Genevieve was the chattier, more outgoing of the two: older than her sister, Bernard thought, but more worldly and keen on wearing silver combs in her white hair. She was a smiling sort of person, always neatly dressed in flower colours and with tortoiseshell glasses perched on her nose. Dolores, who still had a hint of softest auburn in her hair, was shyer and more inclined to let Genevieve do the talking, but she never stopped chatting to her beloved dogs, feeding them little bits of scone all the time.

Time permitted Bernard to stop only a couple of times during his morning round and, despite a number of very talented housekeepers in the town, there was no place he liked stopping better than at the Malone sisters’. Their home reminded him of how life used to be when he was a boy.

‘You’re wonderful, the pair of you,’ Bernard would say, when he had a cup of tea in one hand and a bit of hot buttered scone in the other.

‘Oh, it’s nothing,’ Dolores would reply. ‘It’s just what Mother used to do.’

‘Yes,’ agreed Genevieve. ‘Mother always made her own bread, scones and jam, but she had the hens too.’

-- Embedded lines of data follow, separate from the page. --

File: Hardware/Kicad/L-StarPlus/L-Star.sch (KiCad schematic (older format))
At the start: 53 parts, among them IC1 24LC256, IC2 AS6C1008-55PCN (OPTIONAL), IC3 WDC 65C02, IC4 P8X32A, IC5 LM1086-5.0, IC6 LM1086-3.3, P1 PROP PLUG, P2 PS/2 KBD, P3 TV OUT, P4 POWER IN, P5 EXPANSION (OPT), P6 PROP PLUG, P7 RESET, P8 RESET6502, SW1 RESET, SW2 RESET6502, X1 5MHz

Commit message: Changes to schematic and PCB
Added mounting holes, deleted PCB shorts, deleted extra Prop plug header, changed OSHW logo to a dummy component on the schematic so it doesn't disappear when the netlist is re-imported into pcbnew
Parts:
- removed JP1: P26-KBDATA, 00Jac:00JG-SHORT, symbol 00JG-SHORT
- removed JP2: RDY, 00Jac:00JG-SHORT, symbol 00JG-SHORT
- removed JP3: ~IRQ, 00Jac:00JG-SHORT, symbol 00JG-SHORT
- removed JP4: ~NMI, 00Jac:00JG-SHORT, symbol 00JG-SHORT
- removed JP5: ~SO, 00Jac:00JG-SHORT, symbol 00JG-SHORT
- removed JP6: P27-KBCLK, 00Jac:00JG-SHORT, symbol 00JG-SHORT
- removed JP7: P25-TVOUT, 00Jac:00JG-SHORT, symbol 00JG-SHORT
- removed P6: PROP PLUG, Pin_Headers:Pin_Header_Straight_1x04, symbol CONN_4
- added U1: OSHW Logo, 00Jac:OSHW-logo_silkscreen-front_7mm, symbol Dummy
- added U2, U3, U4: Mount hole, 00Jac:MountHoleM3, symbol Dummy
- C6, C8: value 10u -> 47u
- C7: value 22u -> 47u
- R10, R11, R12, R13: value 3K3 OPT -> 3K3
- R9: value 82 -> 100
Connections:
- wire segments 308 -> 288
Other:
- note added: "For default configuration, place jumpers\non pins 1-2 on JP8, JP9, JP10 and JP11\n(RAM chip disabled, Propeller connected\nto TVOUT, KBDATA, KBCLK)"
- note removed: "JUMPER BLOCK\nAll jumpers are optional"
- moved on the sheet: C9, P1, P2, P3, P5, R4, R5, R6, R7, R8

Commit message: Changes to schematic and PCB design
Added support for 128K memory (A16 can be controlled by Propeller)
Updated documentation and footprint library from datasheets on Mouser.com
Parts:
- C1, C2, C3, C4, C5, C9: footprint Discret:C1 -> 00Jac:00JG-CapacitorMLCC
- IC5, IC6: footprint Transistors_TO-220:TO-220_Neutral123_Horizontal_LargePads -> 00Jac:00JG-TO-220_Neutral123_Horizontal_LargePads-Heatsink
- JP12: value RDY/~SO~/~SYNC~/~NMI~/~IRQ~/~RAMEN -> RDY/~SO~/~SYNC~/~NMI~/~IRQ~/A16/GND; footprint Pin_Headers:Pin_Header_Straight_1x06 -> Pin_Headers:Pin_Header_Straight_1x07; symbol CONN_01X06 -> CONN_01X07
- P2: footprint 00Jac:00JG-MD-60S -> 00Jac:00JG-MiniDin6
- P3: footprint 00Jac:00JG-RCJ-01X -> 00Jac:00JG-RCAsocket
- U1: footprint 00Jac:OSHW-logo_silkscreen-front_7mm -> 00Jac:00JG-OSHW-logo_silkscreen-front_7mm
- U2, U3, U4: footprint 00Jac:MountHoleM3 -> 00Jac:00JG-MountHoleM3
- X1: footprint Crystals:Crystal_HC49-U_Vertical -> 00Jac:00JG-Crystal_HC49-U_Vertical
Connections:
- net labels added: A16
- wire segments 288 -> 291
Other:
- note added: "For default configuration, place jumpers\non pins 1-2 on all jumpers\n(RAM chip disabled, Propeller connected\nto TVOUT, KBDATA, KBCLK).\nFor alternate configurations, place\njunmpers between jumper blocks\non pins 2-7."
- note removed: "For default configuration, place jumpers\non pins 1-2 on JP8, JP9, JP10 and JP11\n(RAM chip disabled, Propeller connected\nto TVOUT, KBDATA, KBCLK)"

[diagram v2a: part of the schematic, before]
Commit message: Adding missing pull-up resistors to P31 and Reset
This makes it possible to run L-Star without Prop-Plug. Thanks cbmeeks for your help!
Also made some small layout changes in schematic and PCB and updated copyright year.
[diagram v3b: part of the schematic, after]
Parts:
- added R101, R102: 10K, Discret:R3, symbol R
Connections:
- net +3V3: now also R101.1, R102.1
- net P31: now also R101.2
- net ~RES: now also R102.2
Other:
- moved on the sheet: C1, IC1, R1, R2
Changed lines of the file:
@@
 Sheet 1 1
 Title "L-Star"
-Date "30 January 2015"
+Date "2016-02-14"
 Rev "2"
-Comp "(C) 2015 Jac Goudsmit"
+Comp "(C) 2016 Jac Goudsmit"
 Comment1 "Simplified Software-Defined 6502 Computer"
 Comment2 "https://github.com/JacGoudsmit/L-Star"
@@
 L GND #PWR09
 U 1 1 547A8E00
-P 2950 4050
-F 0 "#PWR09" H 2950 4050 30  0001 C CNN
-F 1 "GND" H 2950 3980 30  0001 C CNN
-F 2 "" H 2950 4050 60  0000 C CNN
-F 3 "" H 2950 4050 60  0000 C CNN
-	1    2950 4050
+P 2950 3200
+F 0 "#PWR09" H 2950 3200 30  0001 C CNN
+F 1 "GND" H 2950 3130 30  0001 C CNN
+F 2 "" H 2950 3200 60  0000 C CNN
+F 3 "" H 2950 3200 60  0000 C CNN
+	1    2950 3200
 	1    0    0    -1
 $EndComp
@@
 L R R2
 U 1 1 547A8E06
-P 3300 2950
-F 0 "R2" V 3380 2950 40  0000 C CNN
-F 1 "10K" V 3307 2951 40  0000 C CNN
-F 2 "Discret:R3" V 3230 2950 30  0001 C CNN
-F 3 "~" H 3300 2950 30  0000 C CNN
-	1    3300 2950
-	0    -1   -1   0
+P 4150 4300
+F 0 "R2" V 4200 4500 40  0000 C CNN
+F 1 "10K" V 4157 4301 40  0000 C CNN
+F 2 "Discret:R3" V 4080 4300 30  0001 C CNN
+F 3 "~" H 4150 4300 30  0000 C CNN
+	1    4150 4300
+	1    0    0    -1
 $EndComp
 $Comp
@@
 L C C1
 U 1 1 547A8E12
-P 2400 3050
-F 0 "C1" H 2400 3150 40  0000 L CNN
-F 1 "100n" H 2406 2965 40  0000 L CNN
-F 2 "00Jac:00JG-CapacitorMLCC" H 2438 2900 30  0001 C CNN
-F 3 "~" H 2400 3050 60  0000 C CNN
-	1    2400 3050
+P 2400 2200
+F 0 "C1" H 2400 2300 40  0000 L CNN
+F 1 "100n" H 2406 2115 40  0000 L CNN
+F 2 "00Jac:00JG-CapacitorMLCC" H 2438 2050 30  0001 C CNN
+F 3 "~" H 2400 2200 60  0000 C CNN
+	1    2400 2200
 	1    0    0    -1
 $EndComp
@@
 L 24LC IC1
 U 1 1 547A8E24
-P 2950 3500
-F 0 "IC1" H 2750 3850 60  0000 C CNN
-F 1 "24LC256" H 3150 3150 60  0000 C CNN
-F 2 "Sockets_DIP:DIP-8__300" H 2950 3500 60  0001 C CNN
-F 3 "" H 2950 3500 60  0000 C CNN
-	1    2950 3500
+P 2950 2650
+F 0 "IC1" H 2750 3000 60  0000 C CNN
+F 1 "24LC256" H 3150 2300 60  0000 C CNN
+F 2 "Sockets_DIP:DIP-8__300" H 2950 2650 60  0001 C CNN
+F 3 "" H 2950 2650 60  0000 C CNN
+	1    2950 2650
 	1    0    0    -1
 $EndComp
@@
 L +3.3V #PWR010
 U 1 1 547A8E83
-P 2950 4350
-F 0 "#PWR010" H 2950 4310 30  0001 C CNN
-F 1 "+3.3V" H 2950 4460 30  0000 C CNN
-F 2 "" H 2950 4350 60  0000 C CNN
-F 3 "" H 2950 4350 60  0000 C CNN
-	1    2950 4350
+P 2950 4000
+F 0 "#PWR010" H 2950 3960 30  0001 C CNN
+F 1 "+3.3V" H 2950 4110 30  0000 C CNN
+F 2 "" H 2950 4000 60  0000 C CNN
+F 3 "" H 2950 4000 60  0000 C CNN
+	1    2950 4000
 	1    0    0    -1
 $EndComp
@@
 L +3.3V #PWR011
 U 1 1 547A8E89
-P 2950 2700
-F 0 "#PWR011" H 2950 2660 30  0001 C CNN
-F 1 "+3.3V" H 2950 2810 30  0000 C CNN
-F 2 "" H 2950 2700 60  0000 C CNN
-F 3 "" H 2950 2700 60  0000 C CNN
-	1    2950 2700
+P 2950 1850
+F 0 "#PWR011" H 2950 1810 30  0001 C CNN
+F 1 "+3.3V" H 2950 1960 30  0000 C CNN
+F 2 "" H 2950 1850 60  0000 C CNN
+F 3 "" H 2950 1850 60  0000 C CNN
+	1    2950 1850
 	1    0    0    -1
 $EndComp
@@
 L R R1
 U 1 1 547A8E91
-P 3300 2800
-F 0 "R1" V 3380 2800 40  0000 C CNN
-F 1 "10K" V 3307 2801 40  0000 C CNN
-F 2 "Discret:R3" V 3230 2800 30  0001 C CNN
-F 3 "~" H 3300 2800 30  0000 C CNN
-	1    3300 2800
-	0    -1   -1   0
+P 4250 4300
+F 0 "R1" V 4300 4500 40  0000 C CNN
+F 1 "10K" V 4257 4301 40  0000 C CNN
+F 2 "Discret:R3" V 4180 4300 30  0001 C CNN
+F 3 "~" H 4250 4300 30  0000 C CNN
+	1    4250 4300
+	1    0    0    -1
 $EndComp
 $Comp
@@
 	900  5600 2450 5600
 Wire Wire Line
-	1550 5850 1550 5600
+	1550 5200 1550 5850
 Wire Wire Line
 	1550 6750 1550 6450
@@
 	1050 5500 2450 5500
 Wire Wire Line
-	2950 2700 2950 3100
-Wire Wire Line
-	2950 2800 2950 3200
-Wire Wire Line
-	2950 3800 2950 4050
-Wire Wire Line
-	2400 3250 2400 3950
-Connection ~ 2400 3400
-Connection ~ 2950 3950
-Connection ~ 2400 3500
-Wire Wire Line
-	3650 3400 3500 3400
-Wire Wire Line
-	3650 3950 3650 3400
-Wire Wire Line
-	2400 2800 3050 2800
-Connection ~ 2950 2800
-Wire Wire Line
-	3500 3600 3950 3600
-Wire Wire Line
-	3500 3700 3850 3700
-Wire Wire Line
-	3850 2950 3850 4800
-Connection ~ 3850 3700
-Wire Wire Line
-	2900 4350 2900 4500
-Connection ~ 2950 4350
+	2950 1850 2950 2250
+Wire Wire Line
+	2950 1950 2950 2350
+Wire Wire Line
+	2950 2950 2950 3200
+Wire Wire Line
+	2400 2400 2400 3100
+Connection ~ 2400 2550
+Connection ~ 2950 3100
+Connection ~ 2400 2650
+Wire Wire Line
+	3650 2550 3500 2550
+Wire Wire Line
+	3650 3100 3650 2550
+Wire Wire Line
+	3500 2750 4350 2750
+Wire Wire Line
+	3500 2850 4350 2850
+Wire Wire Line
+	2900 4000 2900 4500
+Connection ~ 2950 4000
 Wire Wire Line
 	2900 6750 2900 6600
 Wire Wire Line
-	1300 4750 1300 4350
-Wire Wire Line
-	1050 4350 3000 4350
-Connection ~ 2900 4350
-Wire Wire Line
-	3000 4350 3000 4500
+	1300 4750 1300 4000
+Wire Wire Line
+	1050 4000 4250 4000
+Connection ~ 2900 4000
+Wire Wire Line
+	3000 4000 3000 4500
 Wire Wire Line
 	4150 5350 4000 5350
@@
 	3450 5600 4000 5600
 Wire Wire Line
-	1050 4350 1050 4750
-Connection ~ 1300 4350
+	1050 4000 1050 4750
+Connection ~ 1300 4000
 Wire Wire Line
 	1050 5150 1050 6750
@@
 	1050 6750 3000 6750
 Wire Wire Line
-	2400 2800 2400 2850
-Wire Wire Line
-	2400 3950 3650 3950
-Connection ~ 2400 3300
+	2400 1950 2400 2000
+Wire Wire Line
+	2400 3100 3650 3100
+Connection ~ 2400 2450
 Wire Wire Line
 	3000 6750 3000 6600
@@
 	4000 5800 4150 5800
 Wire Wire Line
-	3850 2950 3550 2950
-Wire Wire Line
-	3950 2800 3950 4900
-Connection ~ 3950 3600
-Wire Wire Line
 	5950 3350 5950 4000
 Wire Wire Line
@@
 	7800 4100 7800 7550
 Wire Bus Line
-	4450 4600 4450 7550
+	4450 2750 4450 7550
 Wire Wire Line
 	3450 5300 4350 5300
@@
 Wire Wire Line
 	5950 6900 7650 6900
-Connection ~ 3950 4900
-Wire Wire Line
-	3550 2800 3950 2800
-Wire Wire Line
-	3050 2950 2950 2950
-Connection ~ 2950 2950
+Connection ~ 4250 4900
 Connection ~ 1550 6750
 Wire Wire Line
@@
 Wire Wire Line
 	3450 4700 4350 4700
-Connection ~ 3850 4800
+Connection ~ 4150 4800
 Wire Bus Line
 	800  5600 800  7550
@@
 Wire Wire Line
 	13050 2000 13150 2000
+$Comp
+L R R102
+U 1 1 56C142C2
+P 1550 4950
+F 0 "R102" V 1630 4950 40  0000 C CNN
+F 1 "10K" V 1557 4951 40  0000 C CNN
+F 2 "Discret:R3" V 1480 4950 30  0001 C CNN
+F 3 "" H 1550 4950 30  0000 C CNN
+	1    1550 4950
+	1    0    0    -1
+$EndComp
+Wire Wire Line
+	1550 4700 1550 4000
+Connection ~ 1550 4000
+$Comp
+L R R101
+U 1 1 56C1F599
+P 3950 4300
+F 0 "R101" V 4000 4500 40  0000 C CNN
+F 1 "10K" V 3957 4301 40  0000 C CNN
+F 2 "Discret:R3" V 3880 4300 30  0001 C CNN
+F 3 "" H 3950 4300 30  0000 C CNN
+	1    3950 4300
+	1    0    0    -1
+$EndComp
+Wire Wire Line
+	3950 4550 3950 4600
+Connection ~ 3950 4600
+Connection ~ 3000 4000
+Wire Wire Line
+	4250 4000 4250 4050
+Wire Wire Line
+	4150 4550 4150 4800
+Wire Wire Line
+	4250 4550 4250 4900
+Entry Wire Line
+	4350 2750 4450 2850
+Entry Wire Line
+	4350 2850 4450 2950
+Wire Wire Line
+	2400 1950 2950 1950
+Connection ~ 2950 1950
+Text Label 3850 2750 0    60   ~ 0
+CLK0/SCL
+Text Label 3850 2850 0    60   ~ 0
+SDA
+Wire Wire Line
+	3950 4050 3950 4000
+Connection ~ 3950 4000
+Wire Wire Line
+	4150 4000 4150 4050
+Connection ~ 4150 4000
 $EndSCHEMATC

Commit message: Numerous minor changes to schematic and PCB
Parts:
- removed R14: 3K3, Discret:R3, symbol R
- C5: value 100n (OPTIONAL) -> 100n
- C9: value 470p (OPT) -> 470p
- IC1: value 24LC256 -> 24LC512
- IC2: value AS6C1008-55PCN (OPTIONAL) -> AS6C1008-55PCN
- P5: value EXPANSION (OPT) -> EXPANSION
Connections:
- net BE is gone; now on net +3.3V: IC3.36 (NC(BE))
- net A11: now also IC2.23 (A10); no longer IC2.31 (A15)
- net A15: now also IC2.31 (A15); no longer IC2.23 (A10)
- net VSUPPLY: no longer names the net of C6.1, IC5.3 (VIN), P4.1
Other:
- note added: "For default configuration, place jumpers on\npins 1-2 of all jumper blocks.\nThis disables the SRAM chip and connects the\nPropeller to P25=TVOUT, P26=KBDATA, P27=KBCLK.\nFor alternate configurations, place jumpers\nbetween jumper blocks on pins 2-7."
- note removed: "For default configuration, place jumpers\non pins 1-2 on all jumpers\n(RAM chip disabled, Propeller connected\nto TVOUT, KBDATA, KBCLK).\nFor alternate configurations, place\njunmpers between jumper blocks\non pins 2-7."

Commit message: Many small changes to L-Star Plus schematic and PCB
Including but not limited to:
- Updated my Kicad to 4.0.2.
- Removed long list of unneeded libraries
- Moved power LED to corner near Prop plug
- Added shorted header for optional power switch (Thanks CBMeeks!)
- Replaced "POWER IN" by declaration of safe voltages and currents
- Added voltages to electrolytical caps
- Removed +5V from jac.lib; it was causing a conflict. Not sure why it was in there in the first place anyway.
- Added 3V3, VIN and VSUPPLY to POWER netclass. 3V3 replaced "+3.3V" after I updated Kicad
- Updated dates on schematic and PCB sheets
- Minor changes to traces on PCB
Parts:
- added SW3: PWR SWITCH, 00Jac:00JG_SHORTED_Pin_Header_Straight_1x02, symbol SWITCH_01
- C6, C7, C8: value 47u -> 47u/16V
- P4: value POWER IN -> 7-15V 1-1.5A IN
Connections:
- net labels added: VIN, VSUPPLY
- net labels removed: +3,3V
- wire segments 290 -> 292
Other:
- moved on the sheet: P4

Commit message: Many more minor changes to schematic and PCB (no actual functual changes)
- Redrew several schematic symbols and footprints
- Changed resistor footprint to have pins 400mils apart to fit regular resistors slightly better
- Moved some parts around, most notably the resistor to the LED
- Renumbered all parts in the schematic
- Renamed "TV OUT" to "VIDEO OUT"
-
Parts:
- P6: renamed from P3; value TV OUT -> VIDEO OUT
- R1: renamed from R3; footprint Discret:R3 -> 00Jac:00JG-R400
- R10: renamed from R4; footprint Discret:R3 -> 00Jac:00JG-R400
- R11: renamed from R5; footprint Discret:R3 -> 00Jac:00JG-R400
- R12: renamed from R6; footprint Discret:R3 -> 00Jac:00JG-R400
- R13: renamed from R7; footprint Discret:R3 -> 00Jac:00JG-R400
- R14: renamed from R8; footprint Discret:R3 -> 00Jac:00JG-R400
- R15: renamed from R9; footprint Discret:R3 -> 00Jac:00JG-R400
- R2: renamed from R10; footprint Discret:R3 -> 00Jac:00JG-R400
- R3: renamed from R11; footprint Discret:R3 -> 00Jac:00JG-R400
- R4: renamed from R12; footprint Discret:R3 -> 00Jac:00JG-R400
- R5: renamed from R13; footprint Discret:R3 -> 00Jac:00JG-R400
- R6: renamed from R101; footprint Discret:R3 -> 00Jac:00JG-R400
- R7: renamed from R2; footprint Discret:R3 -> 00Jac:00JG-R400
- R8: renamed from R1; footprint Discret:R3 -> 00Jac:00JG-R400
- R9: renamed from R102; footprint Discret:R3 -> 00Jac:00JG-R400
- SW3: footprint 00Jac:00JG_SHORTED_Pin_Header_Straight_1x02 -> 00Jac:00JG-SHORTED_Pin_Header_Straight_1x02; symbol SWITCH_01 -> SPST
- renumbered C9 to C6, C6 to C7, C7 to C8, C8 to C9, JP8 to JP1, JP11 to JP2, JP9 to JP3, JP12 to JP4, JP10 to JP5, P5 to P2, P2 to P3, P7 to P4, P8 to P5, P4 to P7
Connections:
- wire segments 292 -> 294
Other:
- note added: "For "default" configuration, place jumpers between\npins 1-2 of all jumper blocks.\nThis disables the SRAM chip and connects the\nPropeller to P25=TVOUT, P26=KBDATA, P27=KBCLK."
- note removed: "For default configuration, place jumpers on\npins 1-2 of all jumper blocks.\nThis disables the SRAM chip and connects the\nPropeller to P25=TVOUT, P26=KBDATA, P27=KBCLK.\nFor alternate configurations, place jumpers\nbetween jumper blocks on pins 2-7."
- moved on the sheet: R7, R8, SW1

Both sisters looked a little mournful at this recollection. Mother had always made them feel inadequate. She had been amazing, a domestic goddess long before such a term had been invented. Everyone over a certain age in Ardagh agreed: there had been nobody like Mrs Malone.

She was a powerful woman, people said, using the rural sense of the word, which conveyed strength and purpose rather than an ability to lift tall buildings. She had been on every committee going, a stalwart churchgoer, organiser of the church flowers and a woman with firm views no matter the subject.

There were a few people who felt that perhaps Mrs Malone had been a bit too powerful when it came to setting the ground rules for her daughters. And a really critical person might say that Dolores and Genevieve Malone were still under her thumb even though Vera Malone was long since dead and buried.

Her ‘girls’ might be cruising towards seventy, but they still adhered to her strict rules and, somehow, along the way, they’d never courted, never got married and never moved out of Primrose Cottage with its long back garden, half an acre of ground that still boasted a vegetable garden and several crab-apple trees. Though no chickens.

Bernard Kavanagh could see that the sisters were bothered about the lack of chickens bustling about.